**PROBLEM TO WORK ON**
Each line from the one with "ESTRUSIONE_ESTRUSIONE1_DEPTH = 195" through the final line of the entries below must be printed exactly, and the pictures must not be.

Items from a data source
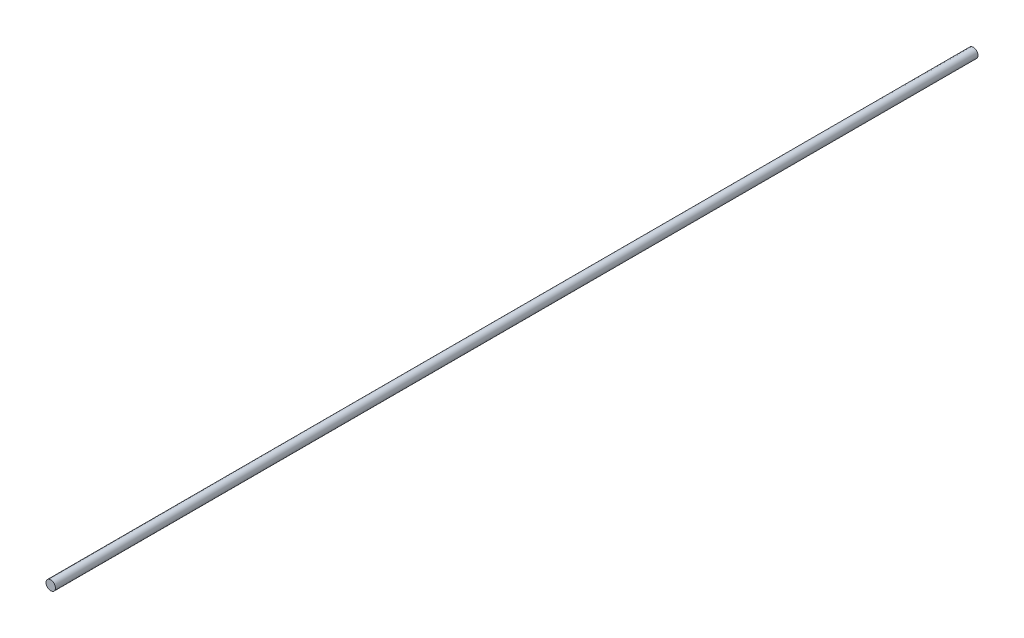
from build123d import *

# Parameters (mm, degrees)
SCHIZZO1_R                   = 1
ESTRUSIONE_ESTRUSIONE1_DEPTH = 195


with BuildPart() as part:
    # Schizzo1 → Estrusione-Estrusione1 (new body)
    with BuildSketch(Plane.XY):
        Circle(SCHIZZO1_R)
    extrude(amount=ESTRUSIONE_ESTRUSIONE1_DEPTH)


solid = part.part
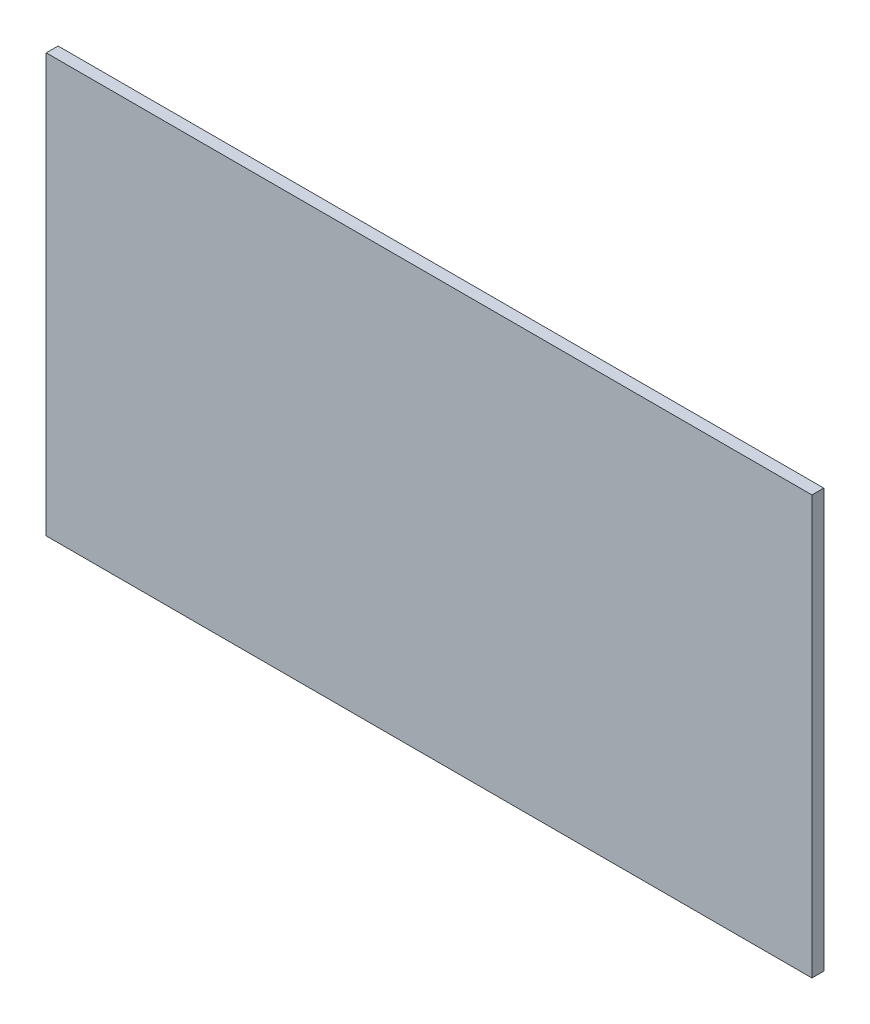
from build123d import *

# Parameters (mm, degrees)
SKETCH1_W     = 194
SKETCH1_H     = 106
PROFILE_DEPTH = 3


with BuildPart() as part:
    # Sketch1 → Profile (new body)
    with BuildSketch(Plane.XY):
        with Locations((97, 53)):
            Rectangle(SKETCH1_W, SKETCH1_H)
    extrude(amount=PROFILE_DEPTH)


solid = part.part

**TASK SOLUTION**
ESTRUSIONE_ESTRUSIONE1_DEPTH = 195


with BuildPart() as part:
    # Schizzo1 → Estrusione-Estrusione1 (new body)
    with BuildSketch(Plane.XY):
        Circle(SCHIZZO1_R)
    extrude(amount=ESTRUSIONE_ESTRUSIONE1_DEPTH)


solid = part.part
from build123d import *

# Parameters (mm, degrees)
SKETCH1_W     = 194
SKETCH1_H     = 106
PROFILE_DEPTH = 3


with BuildPart() as part:
    # Sketch1 → Profile (new body)
    with BuildSketch(Plane.XY):
        with Locations((97, 53)):
            Rectangle(SKETCH1_W, SKETCH1_H)
    extrude(amount=PROFILE_DEPTH)


solid = part.part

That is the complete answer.